Context Parallelism (CP)

Where MLA, SWA+sinks, and dynamic sparse all attack per-device attention cost, CP shards the sequence dimension itself across N devices. At s ≥ 128K, even FlashAttention on H100 runs out of HBM for activations and wallclock becomes prohibitive. CP gives near-linear memory and time scaling. The catch: attention is non-local in s, so devices must exchange K/V to compute the full mixing matrix.

Tensor (s × d):
DP: each device holds full seq, different batches — useless for one long seq
TP: each device holds full seq, sharded heads/d_h — activation mem still O(s)
CP: each device holds s/N tokens, full d — activation mem O(s/N) ◄

For long-context training, activation memory binds first.
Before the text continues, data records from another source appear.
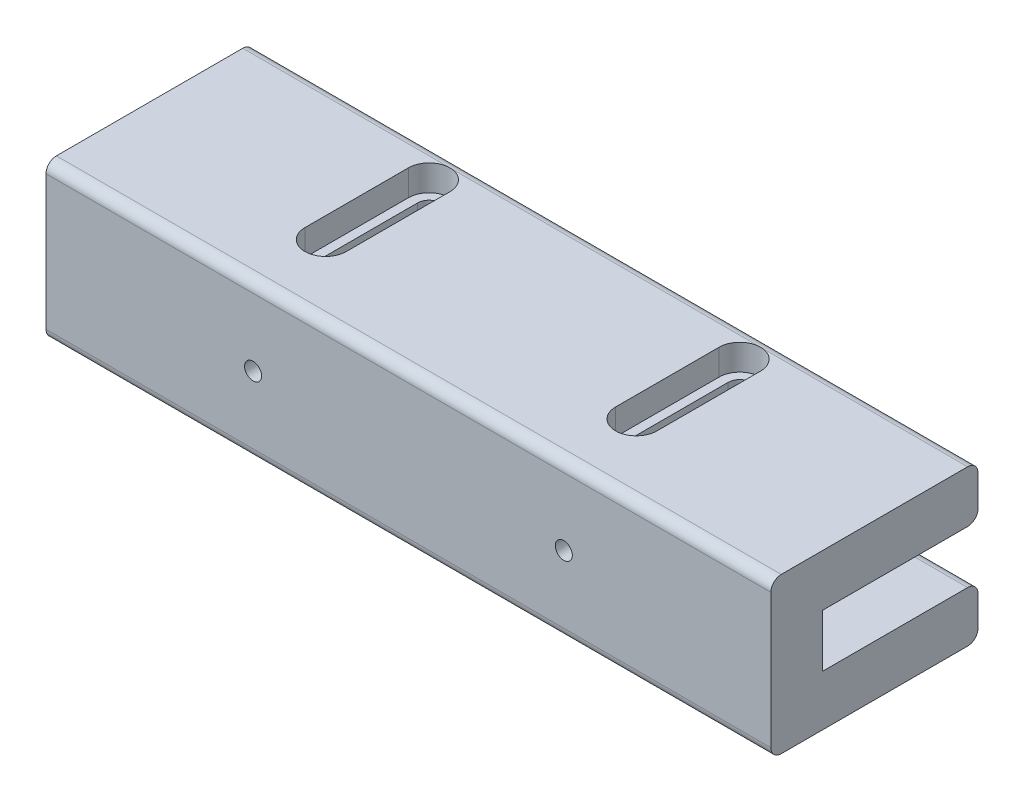
ISO-10303-21;
HEADER;
FILE_DESCRIPTION(('STEP AP214'),'2;1');
FILE_NAME('part.step','',(''),(''),'','','');
FILE_SCHEMA(('AUTOMOTIVE_DESIGN { 1 0 10303 214 1 1 1 1 }'));
ENDSEC;
DATA;
#1=APPLICATION_CONTEXT('core data for automotive mechanical design processes');
#2=APPLICATION_PROTOCOL_DEFINITION('international standard','automotive_design',2000,#1);
#3=PRODUCT_CONTEXT('',#1,'mechanical');
#4=PRODUCT('Part','Part','',(#3));
#5=PRODUCT_RELATED_PRODUCT_CATEGORY('part','',(#4));
#6=PRODUCT_DEFINITION_FORMATION('','',#4);
#7=PRODUCT_DEFINITION_CONTEXT('part definition',#1,'design');
#8=PRODUCT_DEFINITION('design','',#6,#7);
#9=PRODUCT_DEFINITION_SHAPE('','',#8);
#10=(LENGTH_UNIT() NAMED_UNIT(*) SI_UNIT(.MILLI.,.METRE.));
#11=(NAMED_UNIT(*) PLANE_ANGLE_UNIT() SI_UNIT($,.RADIAN.));
#12=(NAMED_UNIT(*) SI_UNIT($,.STERADIAN.) SOLID_ANGLE_UNIT());
#13=UNCERTAINTY_MEASURE_WITH_UNIT(LENGTH_MEASURE(1.E-05),#10,'distance_accuracy_value','');
#14=(GEOMETRIC_REPRESENTATION_CONTEXT(3) GLOBAL_UNCERTAINTY_ASSIGNED_CONTEXT((#13)) GLOBAL_UNIT_ASSIGNED_CONTEXT((#10,
#11,#12)) REPRESENTATION_CONTEXT('',''));
#15=CARTESIAN_POINT('',(0.,0.,0.));
#16=DIRECTION('',(0.,0.,1.));
#17=DIRECTION('',(1.,0.,0.));
#18=AXIS2_PLACEMENT_3D('',#15,#16,#17);
#19=CARTESIAN_POINT('',(27.75,-15.001,5.99999999999999));
#20=DIRECTION('',(-1.,0.,0.));
#21=DIRECTION('',(0.,0.,1.));
#22=AXIS2_PLACEMENT_3D('',#19,#20,#21);
#23=PLANE('',#22);
#24=DIRECTION('',(0.,0.,-1.));
#25=VECTOR('',#24,1.);
#26=CARTESIAN_POINT('',(27.75,10.,6.));
#27=LINE('',#26,#25);
#28=CARTESIAN_POINT('',(27.75,9.99999999999999,26.));
#29=VERTEX_POINT('',#28);
#30=CARTESIAN_POINT('',(27.75,9.99999999999999,6.));
#31=VERTEX_POINT('',#30);
#32=EDGE_CURVE('E68',#29,#31,#27,.T.);
#33=ORIENTED_EDGE('',*,*,#32,.F.);
#34=DIRECTION('',(0.,1.,0.));
#35=VECTOR('',#34,1.);
#36=CARTESIAN_POINT('',(27.75,-15.001,26.));
#37=LINE('',#36,#35);
#38=CARTESIAN_POINT('',(27.75,4.99999999999999,26.));
#39=VERTEX_POINT('',#38);
#40=EDGE_CURVE('E345',#39,#29,#37,.T.);
#41=ORIENTED_EDGE('',*,*,#40,.F.);
#42=DIRECTION('',(0.,0.,-1.));
#43=VECTOR('',#42,1.);
#44=CARTESIAN_POINT('',(27.75,5.,6.));
#45=LINE('',#44,#43);
#46=CARTESIAN_POINT('',(27.75,5.,5.99999999999999));
#47=VERTEX_POINT('',#46);
#48=EDGE_CURVE('E334',#39,#47,#45,.T.);
#49=ORIENTED_EDGE('',*,*,#48,.T.);
#50=DIRECTION('',(0.,1.,0.));
#51=VECTOR('',#50,1.);
#52=CARTESIAN_POINT('',(27.75,-15.001,5.99999999999999));
#53=LINE('',#52,#51);
#54=EDGE_CURVE('E349',#47,#31,#53,.T.);
#55=ORIENTED_EDGE('',*,*,#54,.T.);
#56=EDGE_LOOP('',(#33,#41,#49,#55));
#57=FACE_BOUND('',#56,.T.);
#58=ADVANCED_FACE('F46',(#57),#23,.F.);
#59=CARTESIAN_POINT('',(30.,-15.001,26.));
#60=DIRECTION('',(0.,1.,0.));
#61=DIRECTION('',(0.,0.,1.));
#62=AXIS2_PLACEMENT_3D('',#59,#60,#61);
#63=CYLINDRICAL_SURFACE('',#62,2.25);
#64=CARTESIAN_POINT('',(30.,9.99999999999999,26.));
#65=DIRECTION('',(0.,1.,0.));
#66=DIRECTION('',(0.,0.,1.));
#67=AXIS2_PLACEMENT_3D('',#64,#65,#66);
#68=CIRCLE('',#67,2.25);
#69=CARTESIAN_POINT('',(32.25,9.99999999999999,26.));
#70=VERTEX_POINT('',#69);
#71=EDGE_CURVE('E292',#70,#29,#68,.F.);
#72=ORIENTED_EDGE('',*,*,#71,.F.);
#73=DIRECTION('',(0.,1.,0.));
#74=VECTOR('',#73,1.);
#75=CARTESIAN_POINT('',(32.25,-15.001,26.));
#76=LINE('',#75,#74);
#77=CARTESIAN_POINT('',(32.25,4.99999999999999,26.));
#78=VERTEX_POINT('',#77);
#79=EDGE_CURVE('E350',#78,#70,#76,.T.);
#80=ORIENTED_EDGE('',*,*,#79,.F.);
#81=CARTESIAN_POINT('',(30.,5.,26.));
#82=DIRECTION('',(0.,1.,0.));
#83=DIRECTION('',(0.,0.,1.));
#84=AXIS2_PLACEMENT_3D('',#81,#82,#83);
#85=CIRCLE('',#84,2.25);
#86=EDGE_CURVE('E342',#78,#39,#85,.F.);
#87=ORIENTED_EDGE('',*,*,#86,.T.);
#88=ORIENTED_EDGE('',*,*,#40,.T.);
#89=EDGE_LOOP('',(#72,#80,#87,#88));
#90=FACE_BOUND('',#89,.T.);
#91=ADVANCED_FACE('F517',(#90),#63,.F.);
#92=CARTESIAN_POINT('',(32.25,-15.001,5.99999999999999));
#93=DIRECTION('',(1.,0.,0.));
#94=DIRECTION('',(0.,0.,-1.));
#95=AXIS2_PLACEMENT_3D('',#92,#93,#94);
#96=PLANE('',#95);
#97=DIRECTION('',(0.,0.,1.));
#98=VECTOR('',#97,1.);
#99=CARTESIAN_POINT('',(32.25,10.,6.));
#100=LINE('',#99,#98);
#101=CARTESIAN_POINT('',(32.25,10.,6.));
#102=VERTEX_POINT('',#101);
#103=EDGE_CURVE('E287',#102,#70,#100,.T.);
#104=ORIENTED_EDGE('',*,*,#103,.F.);
#105=DIRECTION('',(0.,1.,0.));
#106=VECTOR('',#105,1.);
#107=CARTESIAN_POINT('',(32.25,-15.001,5.99999999999999));
#108=LINE('',#107,#106);
#109=CARTESIAN_POINT('',(32.25,4.99999999999999,6.));
#110=VERTEX_POINT('',#109);
#111=EDGE_CURVE('E346',#110,#102,#108,.T.);
#112=ORIENTED_EDGE('',*,*,#111,.F.);
#113=DIRECTION('',(0.,0.,1.));
#114=VECTOR('',#113,1.);
#115=CARTESIAN_POINT('',(32.25,5.,6.));
#116=LINE('',#115,#114);
#117=EDGE_CURVE('E339',#110,#78,#116,.T.);
#118=ORIENTED_EDGE('',*,*,#117,.T.);
#119=ORIENTED_EDGE('',*,*,#79,.T.);
#120=EDGE_LOOP('',(#104,#112,#118,#119));
#121=FACE_BOUND('',#120,.T.);
#122=ADVANCED_FACE('F512',(#121),#96,.F.);
#123=CARTESIAN_POINT('',(30.,-15.001,5.99999999999999));
#124=DIRECTION('',(0.,1.,0.));
#125=DIRECTION('',(0.,0.,1.));
#126=AXIS2_PLACEMENT_3D('',#123,#124,#125);
#127=CYLINDRICAL_SURFACE('',#126,2.25);
#128=CARTESIAN_POINT('',(30.,10.,6.));
#129=DIRECTION('',(0.,1.,0.));
#130=DIRECTION('',(0.,0.,1.));
#131=AXIS2_PLACEMENT_3D('',#128,#129,#130);
#132=CIRCLE('',#131,2.25);
#133=EDGE_CURVE('E13',#31,#102,#132,.F.);
#134=ORIENTED_EDGE('',*,*,#133,.F.);
#135=ORIENTED_EDGE('',*,*,#54,.F.);
#136=CARTESIAN_POINT('',(30.,5.,6.));
#137=DIRECTION('',(0.,1.,0.));
#138=DIRECTION('',(0.,0.,1.));
#139=AXIS2_PLACEMENT_3D('',#136,#137,#138);
#140=CIRCLE('',#139,2.25);
#141=EDGE_CURVE('E336',#47,#110,#140,.F.);
#142=ORIENTED_EDGE('',*,*,#141,.T.);
#143=ORIENTED_EDGE('',*,*,#111,.T.);
#144=EDGE_LOOP('',(#134,#135,#142,#143));
#145=FACE_BOUND('',#144,.T.);
#146=ADVANCED_FACE('F505',(#145),#127,.F.);
#147=CARTESIAN_POINT('',(-32.25,-15.001,5.99999999999999));
#148=DIRECTION('',(-1.,0.,0.));
#149=DIRECTION('',(0.,0.,1.));
#150=AXIS2_PLACEMENT_3D('',#147,#148,#149);
#151=PLANE('',#150);
#152=DIRECTION('',(0.,0.,-1.));
#153=VECTOR('',#152,1.);
#154=CARTESIAN_POINT('',(-32.25,10.,6.));
#155=LINE('',#154,#153);
#156=CARTESIAN_POINT('',(-32.25,9.99999999999999,26.));
#157=VERTEX_POINT('',#156);
#158=CARTESIAN_POINT('',(-32.25,9.99999999999999,6.));
#159=VERTEX_POINT('',#158);
#160=EDGE_CURVE('E332',#157,#159,#155,.T.);
#161=ORIENTED_EDGE('',*,*,#160,.F.);
#162=DIRECTION('',(0.,1.,0.));
#163=VECTOR('',#162,1.);
#164=CARTESIAN_POINT('',(-32.25,-15.001,26.));
#165=LINE('',#164,#163);
#166=CARTESIAN_POINT('',(-32.25,4.99999999999999,26.));
#167=VERTEX_POINT('',#166);
#168=EDGE_CURVE('E368',#167,#157,#165,.T.);
#169=ORIENTED_EDGE('',*,*,#168,.F.);
#170=DIRECTION('',(0.,0.,-1.));
#171=VECTOR('',#170,1.);
#172=CARTESIAN_POINT('',(-32.25,5.,6.));
#173=LINE('',#172,#171);
#174=CARTESIAN_POINT('',(-32.25,5.,5.99999999999999));
#175=VERTEX_POINT('',#174);
#176=EDGE_CURVE('E357',#167,#175,#173,.T.);
#177=ORIENTED_EDGE('',*,*,#176,.T.);
#178=DIRECTION('',(0.,1.,0.));
#179=VECTOR('',#178,1.);
#180=CARTESIAN_POINT('',(-32.25,-15.001,5.99999999999999));
#181=LINE('',#180,#179);
#182=EDGE_CURVE('E372',#175,#159,#181,.T.);
#183=ORIENTED_EDGE('',*,*,#182,.T.);
#184=EDGE_LOOP('',(#161,#169,#177,#183));
#185=FACE_BOUND('',#184,.T.);
#186=ADVANCED_FACE('F503',(#185),#151,.F.);
#187=CARTESIAN_POINT('',(-30.,-15.001,26.));
#188=DIRECTION('',(0.,1.,0.));
#189=DIRECTION('',(0.,0.,1.));
#190=AXIS2_PLACEMENT_3D('',#187,#188,#189);
#191=CYLINDRICAL_SURFACE('',#190,2.25);
#192=CARTESIAN_POINT('',(-30.,9.99999999999999,26.));
#193=DIRECTION('',(0.,1.,0.));
#194=DIRECTION('',(0.,0.,1.));
#195=AXIS2_PLACEMENT_3D('',#192,#193,#194);
#196=CIRCLE('',#195,2.25);
#197=CARTESIAN_POINT('',(-27.75,9.99999999999999,26.));
#198=VERTEX_POINT('',#197);
#199=EDGE_CURVE('E330',#198,#157,#196,.F.);
#200=ORIENTED_EDGE('',*,*,#199,.F.);
#201=DIRECTION('',(0.,1.,0.));
#202=VECTOR('',#201,1.);
#203=CARTESIAN_POINT('',(-27.75,-15.001,26.));
#204=LINE('',#203,#202);
#205=CARTESIAN_POINT('',(-27.75,4.99999999999999,26.));
#206=VERTEX_POINT('',#205);
#207=EDGE_CURVE('E373',#206,#198,#204,.T.);
#208=ORIENTED_EDGE('',*,*,#207,.F.);
#209=CARTESIAN_POINT('',(-30.,5.,26.));
#210=DIRECTION('',(0.,1.,0.));
#211=DIRECTION('',(0.,0.,1.));
#212=AXIS2_PLACEMENT_3D('',#209,#210,#211);
#213=CIRCLE('',#212,2.25);
#214=EDGE_CURVE('E365',#206,#167,#213,.F.);
#215=ORIENTED_EDGE('',*,*,#214,.T.);
#216=ORIENTED_EDGE('',*,*,#168,.T.);
#217=EDGE_LOOP('',(#200,#208,#215,#216));
#218=FACE_BOUND('',#217,.T.);
#219=ADVANCED_FACE('F501',(#218),#191,.F.);
#220=CARTESIAN_POINT('',(-27.75,-15.001,5.99999999999999));
#221=DIRECTION('',(1.,0.,0.));
#222=DIRECTION('',(0.,0.,-1.));
#223=AXIS2_PLACEMENT_3D('',#220,#221,#222);
#224=PLANE('',#223);
#225=DIRECTION('',(0.,0.,1.));
#226=VECTOR('',#225,1.);
#227=CARTESIAN_POINT('',(-27.75,10.,6.));
#228=LINE('',#227,#226);
#229=CARTESIAN_POINT('',(-27.75,10.,6.));
#230=VERTEX_POINT('',#229);
#231=EDGE_CURVE('E323',#230,#198,#228,.T.);
#232=ORIENTED_EDGE('',*,*,#231,.F.);
#233=DIRECTION('',(0.,1.,0.));
#234=VECTOR('',#233,1.);
#235=CARTESIAN_POINT('',(-27.75,-15.001,5.99999999999999));
#236=LINE('',#235,#234);
#237=CARTESIAN_POINT('',(-27.75,4.99999999999999,6.));
#238=VERTEX_POINT('',#237);
#239=EDGE_CURVE('E369',#238,#230,#236,.T.);
#240=ORIENTED_EDGE('',*,*,#239,.F.);
#241=DIRECTION('',(0.,0.,1.));
#242=VECTOR('',#241,1.);
#243=CARTESIAN_POINT('',(-27.75,5.,6.));
#244=LINE('',#243,#242);
#245=EDGE_CURVE('E362',#238,#206,#244,.T.);
#246=ORIENTED_EDGE('',*,*,#245,.T.);
#247=ORIENTED_EDGE('',*,*,#207,.T.);
#248=EDGE_LOOP('',(#232,#240,#246,#247));
#249=FACE_BOUND('',#248,.T.);
#250=ADVANCED_FACE('F491',(#249),#224,.F.);
#251=CARTESIAN_POINT('',(-30.,-15.001,5.99999999999999));
#252=DIRECTION('',(0.,1.,0.));
#253=DIRECTION('',(0.,0.,1.));
#254=AXIS2_PLACEMENT_3D('',#251,#252,#253);
#255=CYLINDRICAL_SURFACE('',#254,2.25);
#256=CARTESIAN_POINT('',(-30.,10.,6.));
#257=DIRECTION('',(0.,1.,0.));
#258=DIRECTION('',(0.,0.,1.));
#259=AXIS2_PLACEMENT_3D('',#256,#257,#258);
#260=CIRCLE('',#259,2.25);
#261=EDGE_CURVE('E54',#159,#230,#260,.F.);
#262=ORIENTED_EDGE('',*,*,#261,.F.);
#263=ORIENTED_EDGE('',*,*,#182,.F.);
#264=CARTESIAN_POINT('',(-30.,5.,6.));
#265=DIRECTION('',(0.,1.,0.));
#266=DIRECTION('',(0.,0.,1.));
#267=AXIS2_PLACEMENT_3D('',#264,#265,#266);
#268=CIRCLE('',#267,2.25);
#269=EDGE_CURVE('E359',#175,#238,#268,.F.);
#270=ORIENTED_EDGE('',*,*,#269,.T.);
#271=ORIENTED_EDGE('',*,*,#239,.T.);
#272=EDGE_LOOP('',(#262,#263,#270,#271));
#273=FACE_BOUND('',#272,.T.);
#274=ADVANCED_FACE('F492',(#273),#255,.F.);
#275=CARTESIAN_POINT('',(70.,-15.,0.));
#276=DIRECTION('',(0.,0.,1.));
#277=DIRECTION('',(1.,0.,0.));
#278=AXIS2_PLACEMENT_3D('',#275,#276,#277);
#279=PLANE('',#278);
#280=DIRECTION('',(0.,1.,0.));
#281=VECTOR('',#280,1.);
#282=CARTESIAN_POINT('',(70.,-15.,0.));
#283=LINE('',#282,#281);
#284=CARTESIAN_POINT('',(70.,-13.,0.));
#285=VERTEX_POINT('',#284);
#286=CARTESIAN_POINT('',(70.,-7.2,0.));
#287=VERTEX_POINT('',#286);
#288=EDGE_CURVE('E397',#285,#287,#283,.T.);
#289=ORIENTED_EDGE('',*,*,#288,.F.);
#290=DIRECTION('',(-1.,0.,0.));
#291=VECTOR('',#290,1.);
#292=CARTESIAN_POINT('',(70.,-13.,0.));
#293=LINE('',#292,#291);
#294=CARTESIAN_POINT('',(-70.,-13.,0.));
#295=VERTEX_POINT('',#294);
#296=EDGE_CURVE('E430',#285,#295,#293,.T.);
#297=ORIENTED_EDGE('',*,*,#296,.T.);
#298=DIRECTION('',(0.,1.,0.));
#299=VECTOR('',#298,1.);
#300=CARTESIAN_POINT('',(-70.,-15.,0.));
#301=LINE('',#300,#299);
#302=CARTESIAN_POINT('',(-70.,-7.2,0.));
#303=VERTEX_POINT('',#302);
#304=EDGE_CURVE('E411',#295,#303,#301,.T.);
#305=ORIENTED_EDGE('',*,*,#304,.T.);
#306=DIRECTION('',(1.,0.,0.));
#307=VECTOR('',#306,1.);
#308=CARTESIAN_POINT('',(70.,-7.2,0.));
#309=LINE('',#308,#307);
#310=EDGE_CURVE('E427',#303,#287,#309,.T.);
#311=ORIENTED_EDGE('',*,*,#310,.T.);
#312=EDGE_LOOP('',(#289,#297,#305,#311));
#313=FACE_BOUND('',#312,.T.);
#314=ADVANCED_FACE('F529',(#313),#279,.F.);
#315=CARTESIAN_POINT('',(70.,7.,0.));
#316=VERTEX_POINT('',#315);
#317=CARTESIAN_POINT('',(70.,13.,0.));
#318=VERTEX_POINT('',#317);
#319=EDGE_CURVE('E394',#316,#318,#283,.T.);
#320=ORIENTED_EDGE('',*,*,#319,.F.);
#321=DIRECTION('',(1.,0.,0.));
#322=VECTOR('',#321,1.);
#323=CARTESIAN_POINT('',(70.,7.,0.));
#324=LINE('',#323,#322);
#325=CARTESIAN_POINT('',(-70.,7.,0.));
#326=VERTEX_POINT('',#325);
#327=EDGE_CURVE('E469',#316,#326,#324,.F.);
#328=ORIENTED_EDGE('',*,*,#327,.T.);
#329=CARTESIAN_POINT('',(-70.,13.,0.));
#330=VERTEX_POINT('',#329);
#331=EDGE_CURVE('E393',#326,#330,#301,.T.);
#332=ORIENTED_EDGE('',*,*,#331,.T.);
#333=DIRECTION('',(-1.,0.,0.));
#334=VECTOR('',#333,1.);
#335=CARTESIAN_POINT('',(70.,13.,0.));
#336=LINE('',#335,#334);
#337=EDGE_CURVE('E467',#330,#318,#336,.F.);
#338=ORIENTED_EDGE('',*,*,#337,.T.);
#339=EDGE_LOOP('',(#320,#328,#332,#338));
#340=FACE_BOUND('',#339,.T.);
#341=ADVANCED_FACE('F546',(#340),#279,.F.);
#342=CARTESIAN_POINT('',(70.,15.,0.));
#343=DIRECTION('',(0.,-1.,0.));
#344=DIRECTION('',(0.,0.,-1.));
#345=AXIS2_PLACEMENT_3D('',#342,#343,#344);
#346=PLANE('',#345);
#347=DIRECTION('',(-1.,0.,0.));
#348=VECTOR('',#347,1.);
#349=CARTESIAN_POINT('',(70.,15.,2.));
#350=LINE('',#349,#348);
#351=CARTESIAN_POINT('',(70.,15.,2.));
#352=VERTEX_POINT('',#351);
#353=CARTESIAN_POINT('',(30.,15.,2.));
#354=VERTEX_POINT('',#353);
#355=EDGE_CURVE('E474',#352,#354,#350,.T.);
#356=ORIENTED_EDGE('',*,*,#355,.T.);
#357=CARTESIAN_POINT('',(30.,15.,6.));
#358=DIRECTION('',(0.,1.,0.));
#359=DIRECTION('',(0.,0.,1.));
#360=AXIS2_PLACEMENT_3D('',#357,#358,#359);
#361=CIRCLE('',#360,4.);
#362=CARTESIAN_POINT('',(34.,15.,6.));
#363=VERTEX_POINT('',#362);
#364=EDGE_CURVE('E279',#363,#354,#361,.T.);
#365=ORIENTED_EDGE('',*,*,#364,.F.);
#366=DIRECTION('',(0.,0.,-1.));
#367=VECTOR('',#366,1.);
#368=CARTESIAN_POINT('',(34.,15.,6.));
#369=LINE('',#368,#367);
#370=CARTESIAN_POINT('',(34.,15.,26.));
#371=VERTEX_POINT('',#370);
#372=EDGE_CURVE('E268',#371,#363,#369,.T.);
#373=ORIENTED_EDGE('',*,*,#372,.F.);
#374=CARTESIAN_POINT('',(30.,15.,26.));
#375=DIRECTION('',(0.,1.,0.));
#376=DIRECTION('',(0.,0.,1.));
#377=AXIS2_PLACEMENT_3D('',#374,#375,#376);
#378=CIRCLE('',#377,4.);
#379=CARTESIAN_POINT('',(26.,15.,26.));
#380=VERTEX_POINT('',#379);
#381=EDGE_CURVE('E271',#380,#371,#378,.T.);
#382=ORIENTED_EDGE('',*,*,#381,.F.);
#383=DIRECTION('',(0.,0.,1.));
#384=VECTOR('',#383,1.);
#385=CARTESIAN_POINT('',(26.,15.,6.));
#386=LINE('',#385,#384);
#387=CARTESIAN_POINT('',(26.,15.,6.));
#388=VERTEX_POINT('',#387);
#389=EDGE_CURVE('E281',#388,#380,#386,.T.);
#390=ORIENTED_EDGE('',*,*,#389,.F.);
#391=EDGE_CURVE('E253',#354,#388,#361,.T.);
#392=ORIENTED_EDGE('',*,*,#391,.F.);
#393=CARTESIAN_POINT('',(-30.,15.,2.));
#394=VERTEX_POINT('',#393);
#395=EDGE_CURVE('E478',#354,#394,#350,.T.);
#396=ORIENTED_EDGE('',*,*,#395,.T.);
#397=CARTESIAN_POINT('',(-30.,15.,6.));
#398=DIRECTION('',(0.,1.,0.));
#399=DIRECTION('',(0.,0.,1.));
#400=AXIS2_PLACEMENT_3D('',#397,#398,#399);
#401=CIRCLE('',#400,3.99999999999999);
#402=CARTESIAN_POINT('',(-26.,15.,6.));
#403=VERTEX_POINT('',#402);
#404=EDGE_CURVE('E310',#403,#394,#401,.T.);
#405=ORIENTED_EDGE('',*,*,#404,.F.);
#406=DIRECTION('',(0.,0.,-1.));
#407=VECTOR('',#406,1.);
#408=CARTESIAN_POINT('',(-26.,15.,6.));
#409=LINE('',#408,#407);
#410=CARTESIAN_POINT('',(-26.,15.,26.));
#411=VERTEX_POINT('',#410);
#412=EDGE_CURVE('E300',#411,#403,#409,.T.);
#413=ORIENTED_EDGE('',*,*,#412,.F.);
#414=CARTESIAN_POINT('',(-30.,15.,26.));
#415=DIRECTION('',(0.,1.,0.));
#416=DIRECTION('',(0.,0.,1.));
#417=AXIS2_PLACEMENT_3D('',#414,#415,#416);
#418=CIRCLE('',#417,4.);
#419=CARTESIAN_POINT('',(-34.,15.,26.));
#420=VERTEX_POINT('',#419);
#421=EDGE_CURVE('E316',#420,#411,#418,.T.);
#422=ORIENTED_EDGE('',*,*,#421,.F.);
#423=DIRECTION('',(0.,0.,1.));
#424=VECTOR('',#423,1.);
#425=CARTESIAN_POINT('',(-34.,15.,5.99999999999999));
#426=LINE('',#425,#424);
#427=CARTESIAN_POINT('',(-34.,15.,5.99999999999999));
#428=VERTEX_POINT('',#427);
#429=EDGE_CURVE('E313',#428,#420,#426,.T.);
#430=ORIENTED_EDGE('',*,*,#429,.F.);
#431=EDGE_CURVE('E295',#394,#428,#401,.T.);
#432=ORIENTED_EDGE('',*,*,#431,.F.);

Only CP attacks it directly.

Pass K/V chunks around a ring while computing partial attention with online softmax — FlashAttention’s trick, distributed.

┌──► Device 0: Q_0, K_0, V_0 ──┐
│ │
│ Device 1: Q_1, K_1, V_1 │ Q stays put.
│ │ K/V chunks rotate
│ Device 2: Q_2, K_2, V_2 │ through N steps.
│ │
└──────── Device N-1 ◄───────┘

Per-device loop (local rank i, Q_i fixed, K/V buffers rotate):

for t in 0..N-1:
K_t, V_t = recv_from_prev() # async, overlaps below
S = Q_i @ K_t.T / √d
m_new = max(m, S.max(-1))
O = O · exp(m - m_new) + exp(S - m_new) @ V_t
ℓ = ℓ · exp(m - m_new) + exp(S - m_new).sum(-1)
m = m_new
send_to_next(K_t, V_t)
O = O / ℓ

After N steps, O_i is correct for device i’s s/N queries. The rest of the layer (FFN, output projection) is local — no further CP comm.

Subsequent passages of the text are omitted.